During a panel discussion that followed, Stephen Gellis, MD, pediatric dermatologist and former chief of pediatric dermatology at Boston Children’s Hospital and Harvard Medical School, raised the point of optimizing tried and true topical therapies before using systemic agents. He noted that parents sometimes pressure clinicians to use a biologic – and that moving too quickly to the latest and most expensive drugs may not be necessary.
Dr. Paller acknowledged that she, like many pediatric dermatologists, employed immunosuppressants as her drugs of choice for many years – commonly starting with a few months of cyclosporine before transitioning to methotrexate, which has a delayed onset of action. In fact, she still uses this regimen in some children.
However, she now prefers dupilumab, which is the first biologic available for children in the United States with an AD indication in children as young as 6 months. She said dupilumab has fewer potential risks than cyclosporine, and it offers clinically meaningful improvement in most children. She noted that current guidelines discourage the use of systemic corticosteroids for AD in children, given their potential toxicity.
She strongly agreed with Dr. Gellis that clinicians should resist pressure to use any systemic agent if children are responding well to topical medications. In her own practice, Dr. Paller moves to systemic medications only after ensuring that there has been adherence to appropriate therapy and that there is not another diagnosis that might explain the recalcitrance to topical agents.
When a systemic medication is considered the next step, Dr. Paller reminded the audience of the importance of presenting the benefits and risks of all the options for AD control, which could include dupilumab and immunosuppressants as initial systemic therapy.

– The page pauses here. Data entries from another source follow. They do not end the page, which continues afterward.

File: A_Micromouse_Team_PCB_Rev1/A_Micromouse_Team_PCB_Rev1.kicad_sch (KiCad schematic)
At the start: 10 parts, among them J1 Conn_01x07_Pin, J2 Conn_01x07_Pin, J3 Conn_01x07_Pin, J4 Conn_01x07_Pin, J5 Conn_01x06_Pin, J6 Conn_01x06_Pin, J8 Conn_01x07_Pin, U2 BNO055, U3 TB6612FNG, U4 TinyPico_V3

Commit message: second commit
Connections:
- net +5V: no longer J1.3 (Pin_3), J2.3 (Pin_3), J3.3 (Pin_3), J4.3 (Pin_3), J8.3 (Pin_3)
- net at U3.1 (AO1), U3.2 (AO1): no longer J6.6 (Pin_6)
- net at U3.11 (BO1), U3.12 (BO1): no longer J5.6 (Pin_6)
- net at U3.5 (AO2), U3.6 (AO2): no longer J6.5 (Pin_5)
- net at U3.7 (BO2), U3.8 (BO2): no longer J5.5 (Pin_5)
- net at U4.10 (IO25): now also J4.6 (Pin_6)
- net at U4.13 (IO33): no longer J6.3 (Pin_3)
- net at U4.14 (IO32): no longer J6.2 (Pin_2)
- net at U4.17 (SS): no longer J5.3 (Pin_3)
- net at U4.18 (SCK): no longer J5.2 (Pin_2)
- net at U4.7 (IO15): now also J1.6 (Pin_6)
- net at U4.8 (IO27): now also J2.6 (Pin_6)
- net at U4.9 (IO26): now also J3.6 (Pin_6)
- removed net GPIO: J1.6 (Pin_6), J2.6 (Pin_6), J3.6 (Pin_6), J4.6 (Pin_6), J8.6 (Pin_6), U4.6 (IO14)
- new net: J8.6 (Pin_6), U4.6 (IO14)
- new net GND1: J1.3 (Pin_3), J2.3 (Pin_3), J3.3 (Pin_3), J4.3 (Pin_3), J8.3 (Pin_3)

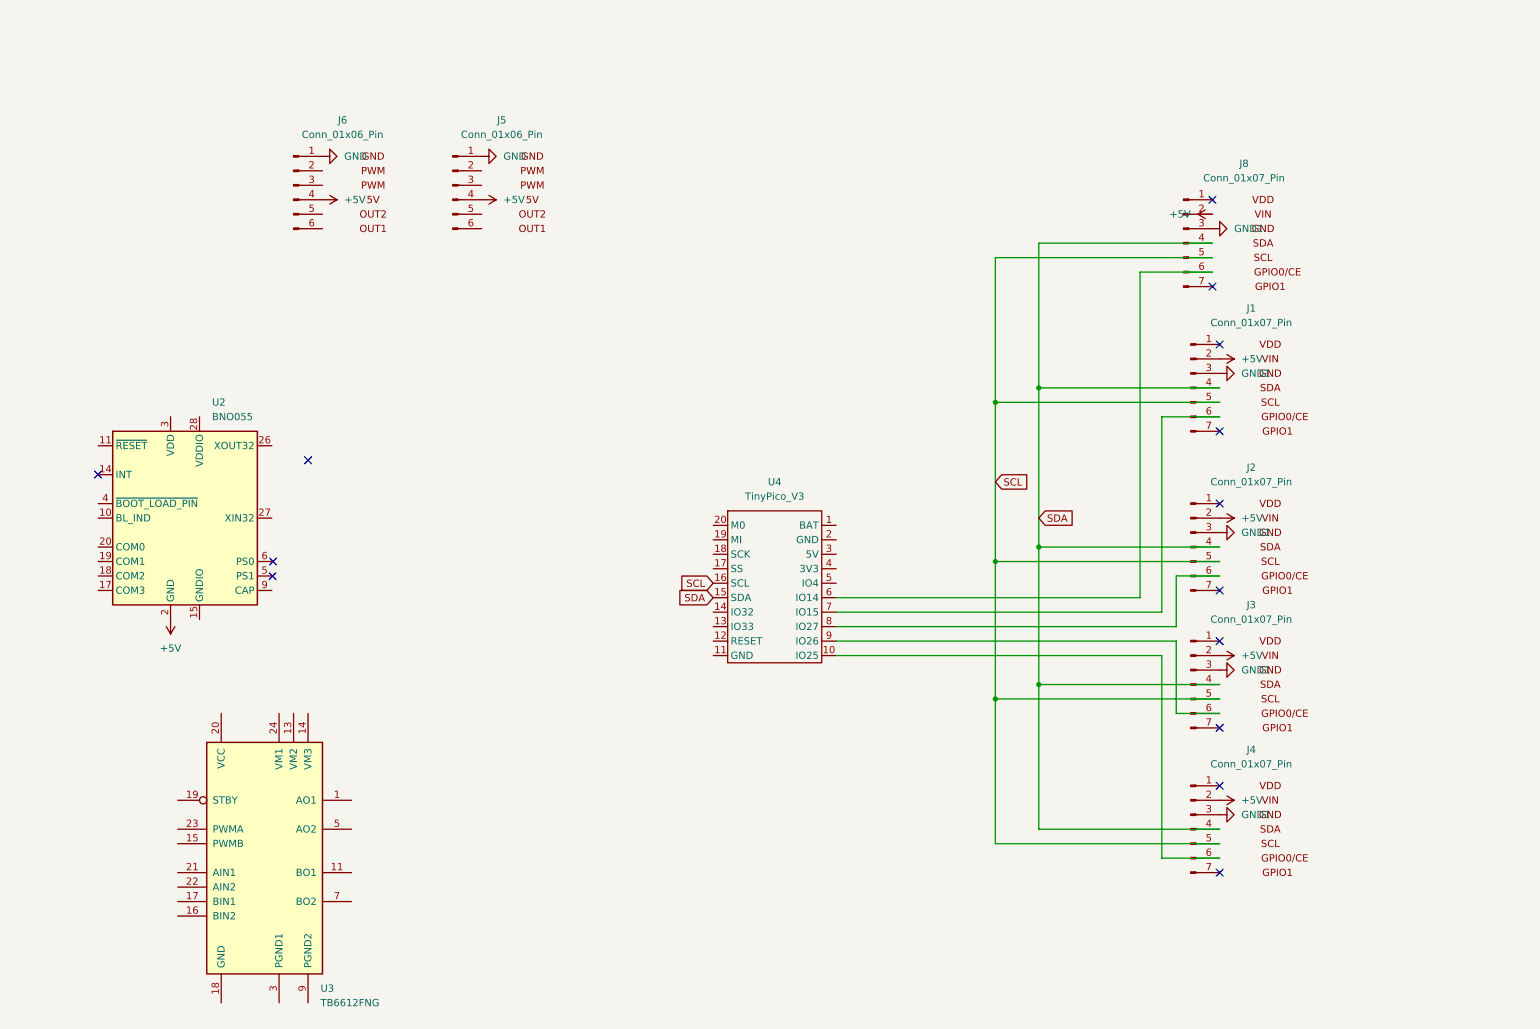
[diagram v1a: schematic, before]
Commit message: updated schematic with teensy
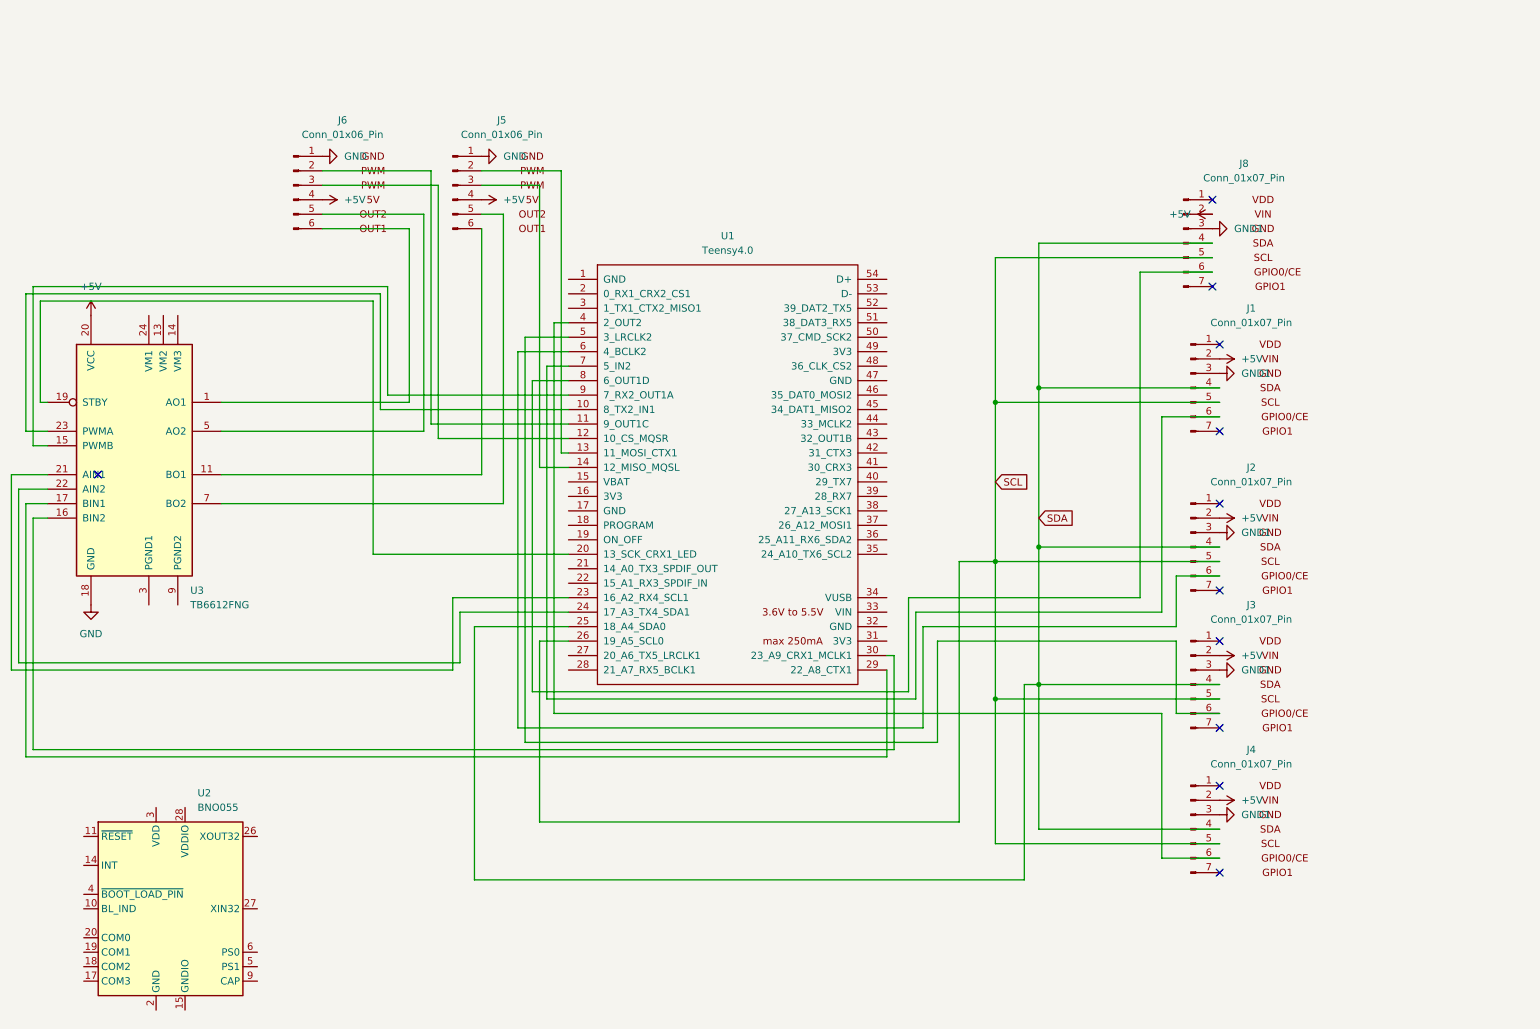
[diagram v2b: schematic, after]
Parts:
- removed U4: TinyPico_V3, Assorted_Footprints:TinyPICO_Nano, symbol MicromouseSymbolLibrary:TinyPico_V3
- added U1: Teensy4.0, Teensy4.0:Teensy40, symbol teensy:Teensy4.0
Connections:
- net +5V: now also U3.20 (VCC); no longer U2.2 (GND)
- net GND: now also U3.18 (GND)
- net SCL: now also U1.26 (19_A5_SCL0)
- net SDA: now also U1.25 (18_A4_SDA0)
- net at U3.1 (AO1), U3.2 (AO1): now also J6.6 (Pin_6)
- net at U3.11 (BO1), U3.12 (BO1): now also J5.6 (Pin_6)
- net at U3.15 (PWMB): now also U1.9 (7_RX2_OUT1A)
- net at U3.16 (BIN2): now also U1.30 (23_A9_CRX1_MCLK1)
- net at U3.17 (BIN1): now also U1.29 (22_A8_CTX1)
- net at U3.19 (STBY): now also U1.20 (13_SCK_CRX1_LED)
- net at U3.21 (AIN1): now also U1.23 (16_A2_RX4_SCL1)
- net at U3.22 (AIN2): now also U1.24 (17_A3_TX4_SDA1)
- net at U3.23 (PWMA): now also U1.10 (8_TX2_IN1)
- net at U3.5 (AO2), U3.6 (AO2): now also J6.5 (Pin_5)
- net at U3.7 (BO2), U3.8 (BO2): now also J5.5 (Pin_5)
- net at J3.6 (Pin_6): now also U1.5 (3_LRCLK2)
- net at J8.6 (Pin_6): now also U1.8 (6_OUT1D)
- net at J4.6 (Pin_6): now also U1.4 (2_OUT2)
- net at J1.6 (Pin_6): now also U1.7 (5_IN2)
- net at J2.6 (Pin_6): now also U1.6 (4_BCLK2)
- net at J5.2 (Pin_2): now also U1.13 (11_MOSI_CTX1)
- net at J5.3 (Pin_3): now also U1.14 (12_MISO_MQSL)
- net at J6.2 (Pin_2): now also U1.11 (9_OUT1C)
- net at J6.3 (Pin_3): now also U1.12 (10_CS_MQSR)
- no-connect marks 14 -> 11
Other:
- moved on the sheet: U2, U3

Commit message: changed Net Classes
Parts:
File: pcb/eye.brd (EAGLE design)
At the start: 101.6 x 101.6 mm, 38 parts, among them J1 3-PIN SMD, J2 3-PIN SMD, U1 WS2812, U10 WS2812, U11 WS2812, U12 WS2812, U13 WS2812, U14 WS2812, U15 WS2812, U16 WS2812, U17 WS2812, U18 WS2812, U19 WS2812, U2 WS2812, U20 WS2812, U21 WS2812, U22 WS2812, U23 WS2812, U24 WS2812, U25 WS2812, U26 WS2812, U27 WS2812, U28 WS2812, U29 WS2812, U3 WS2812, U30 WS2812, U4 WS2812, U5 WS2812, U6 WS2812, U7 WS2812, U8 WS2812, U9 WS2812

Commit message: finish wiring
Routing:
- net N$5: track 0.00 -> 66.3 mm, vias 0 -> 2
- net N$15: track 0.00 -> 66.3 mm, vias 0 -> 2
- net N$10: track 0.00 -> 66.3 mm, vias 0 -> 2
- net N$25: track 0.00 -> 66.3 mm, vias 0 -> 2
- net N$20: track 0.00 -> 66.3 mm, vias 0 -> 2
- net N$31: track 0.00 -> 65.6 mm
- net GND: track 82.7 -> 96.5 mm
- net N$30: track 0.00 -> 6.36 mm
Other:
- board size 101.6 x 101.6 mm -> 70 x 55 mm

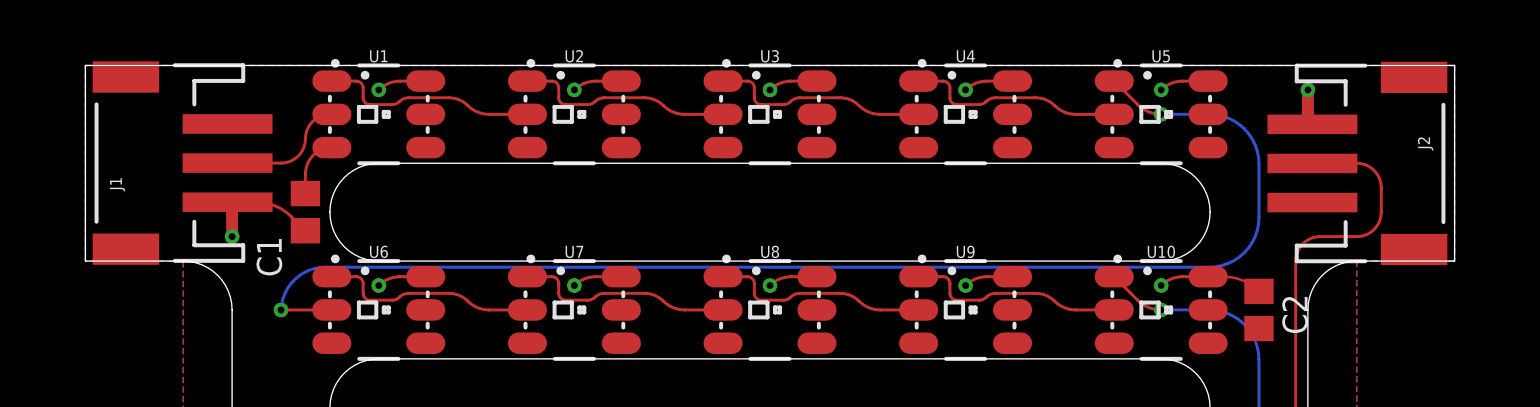
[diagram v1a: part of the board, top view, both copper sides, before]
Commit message: change connector to TE AMP 171826-3
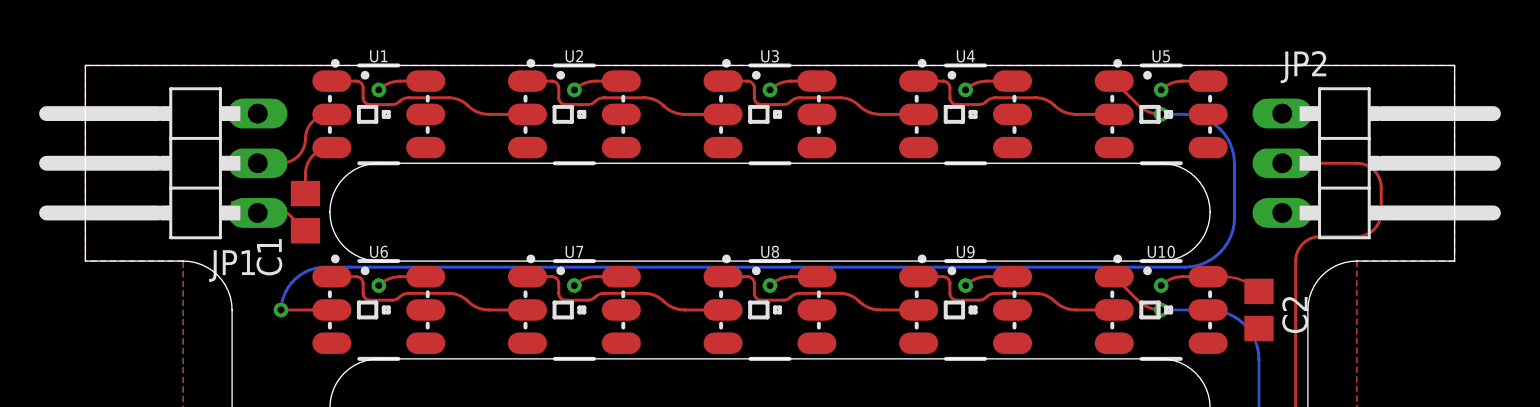
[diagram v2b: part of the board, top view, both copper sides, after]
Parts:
- removed J1, J2: 3-PIN SMD, SparkFun-Connectors:JST-3-SMD
- added JP1, JP2: (no value), pinhead:1X03/90
- added U$1: (no value), josh:SIGNATURE
- added U$2: (no value), josh:LOGO_SILKSCREEN
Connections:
- net +5V: now also JP1.3, JP2.3; no longer J1.3, J2.3
- net GND: now also JP1.1, JP2.1; no longer J1.1, J2.1
- net N$30: now also JP1.2; no longer J1.2
- net N$31: now also JP2.2; no longer J2.2
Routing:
- net GND: track 96.5 -> 92.6 mm, vias 32 -> 30
- net N$30: track 6.36 -> 3.62 mm
- net N$5: track 66.3 -> 63.8 mm
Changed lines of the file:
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@@
 <layer number="115" name="ReferenceISLANDS" color="7" fill="1" visible="no" active="no"/>
 <layer number="116" name="Patch_BOT" color="9" fill="4" visible="no" active="no"/>
+<layer number="117" name="PM_Ref" color="7" fill="1" visible="no" active="no"/>
 <layer number="118" name="Rect_Pads" color="7" fill="1" visible="no" active="no"/>
+<layer number="119" name="PF_Ref" color="7" fill="1" visible="no" active="no"/>
+<layer number="120" name="WFL_Ref" color="7" fill="1" visible="no" active="no"/>
 <layer number="121" name="_tsilk" color="7" fill="1" visible="no" active="no"/>
 <layer number="122" name="_bsilk" color="7" fill="1" visible="no" active="no"/>
@@
 <attribute name="VALUE" x="62.54" y="1.23" size="1.27" layer="27" rot="R90"/>
 </element>
-<element name="J1" library="SparkFun-Connectors" library_urn="urn:adsk.eagle:library:513" package="JST-3-SMD" package3d_urn="urn:adsk.eagle:package:38075/1" value="3-PIN SMD" x="2.5" y="50" smashed="yes" rot="R90">
-<attribute name="NAME" x="1.865" y="48.603" size="0.6096" layer="25" font="vector" ratio="20" rot="R90"/>
-<attribute name="PROD_ID" value="CONN-12591" x="10.12" y="69.05" size="1.778" layer="27" rot="R90" display="off"/>
-<attribute name="VALUE" x="3.77" y="48.349" size="0.6096" layer="27" font="vector" ratio="20" rot="R90"/>
-</element>
-<element name="J2" library="SparkFun-Connectors" library_urn="urn:adsk.eagle:library:513" package="JST-3-SMD" package3d_urn="urn:adsk.eagle:package:38075/1" value="3-PIN SMD" x="67.5" y="50" smashed="yes" rot="R270">
-<attribute name="NAME" x="68.135" y="51.397" size="0.6096" layer="25" font="vector" ratio="20" rot="R270"/>
-<attribute name="PROD_ID" value="CONN-12591" x="59.88" y="19.52" size="1.778" layer="27" rot="R270" display="off"/>
-<attribute name="VALUE" x="66.23" y="51.651" size="0.6096" layer="27" font="vector" ratio="20" rot="R270"/>
-</element>
 <element name="U1" library="SparkFun-LED" package="LED-TRICOLOR-5050-IC" value="WS2812" x="15" y="52.5" smashed="yes">
 <attribute name="NAME" x="15" y="55.167" size="0.6096" layer="25" font="vector" ratio="20" align="bottom-center"/>
@@
 <attribute name="VALUE" x="45" y="39.833" size="0.6096" layer="27" font="vector" ratio="20" align="top-center"/>
 </element>
+<element name="JP1" library="pinhead" library_urn="urn:adsk.eagle:library:325" package="1X03/90" package3d_urn="urn:adsk.eagle:package:22459/2" value="" x="5" y="50" smashed="yes" rot="R90">
+<attribute name="NAME" x="8.81" y="45.555" size="1.27" layer="25" ratio="10" rot="R180"/>
+<attribute name="POPULARITY" value="17" x="5" y="50" size="1.778" layer="27" rot="R90" display="off"/>
+<attribute name="VALUE" x="8.81" y="55.715" size="1.27" layer="27" rot="R180"/>
+</element>
+<element name="JP2" library="pinhead" library_urn="urn:adsk.eagle:library:325" package="1X03/90" package3d_urn="urn:adsk.eagle:package:22459/2" value="" x="65" y="50" smashed="yes" rot="R270">
+<attribute name="NAME" x="61.19" y="54.445" size="1.27" layer="25" ratio="10"/>
+<attribute name="POPULARITY" value="17" x="65" y="50" size="1.778" layer="27" rot="R270" display="off"/>
+<attribute name="VALUE" x="61.19" y="44.285" size="1.27" layer="27"/>
+</element>
+<element name="U$1" library="josh" package="SIGNATURE" value="" x="52.5" y="41.25" smashed="yes" rot="MR0"/>
+<element name="U$2" library="josh" package="LOGO_SILKSCREEN" value="" x="11.25" y="41.5625" smashed="yes" rot="MR0"/>
 </elements>
 <signals>
@@
 <wire x1="53.805025" y1="52.994975" x2="55" y2="52.5" width="0.1524" layer="1" curve="45"/>
 <via x="55" y="52.5" extent="1-16" drill="0.35"/>
-<wire x1="55" y1="52.5" x2="57.46" y2="52.5" width="0.1524" layer="16"/>
-<wire x1="57.46" y1="52.5" x2="60" y2="49.96" width="0.1524" layer="16" curve="-90"/>
-<wire x1="60" y1="47.2275" x2="57.46" y2="44.6875" width="0.1524" layer="16" curve="-90"/>
+<wire x1="55" y1="52.5" x2="56.21" y2="52.5" width="0.1524" layer="16"/>
+<wire x1="56.21" y1="52.5" x2="58.75" y2="49.96" width="0.1524" layer="16" curve="-90"/>
+<wire x1="58.75" y1="47.2275" x2="56.21" y2="44.6875" width="0.1524" layer="16" curve="-90"/>
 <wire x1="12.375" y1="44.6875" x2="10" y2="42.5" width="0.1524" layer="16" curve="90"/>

“Many parents choose biologic treatment first, given its lack of requirement for blood monitoring and faster action than methotrexate,” Dr. Paller noted.
Nevertheless, “biologics are much more costly than immunosuppressants, require an injection – which is stressful for the child and the parents – and may not be accessible for our patients,” Dr. Paller said. Cyclosporine and methotrexate are effective and are often the best options for moderate to severe disease in areas of the world where dupilumab is not available, but Dr. Paller most commonly uses these therapies only when reimbursement for dupilumab cannot be secured, injection is not an option, or when dupilumab is not sufficiently effective and tolerated.
Providing different perspectives, the two other panelists discussing the treatment of pediatric AD also saw a role for ensuring that topical agents are not offering adequate AD control before turning to the latest and most sophisticated therapies for AD.
For meeting parent expectations when children are improving slowly on topical therapies, Peter A. Lio, MD, director of the Chicago Integrative Eczema Center and clinical assistant professor of dermatology and pediatrics at Northwestern University, suggested that integrative medicine might be helpful.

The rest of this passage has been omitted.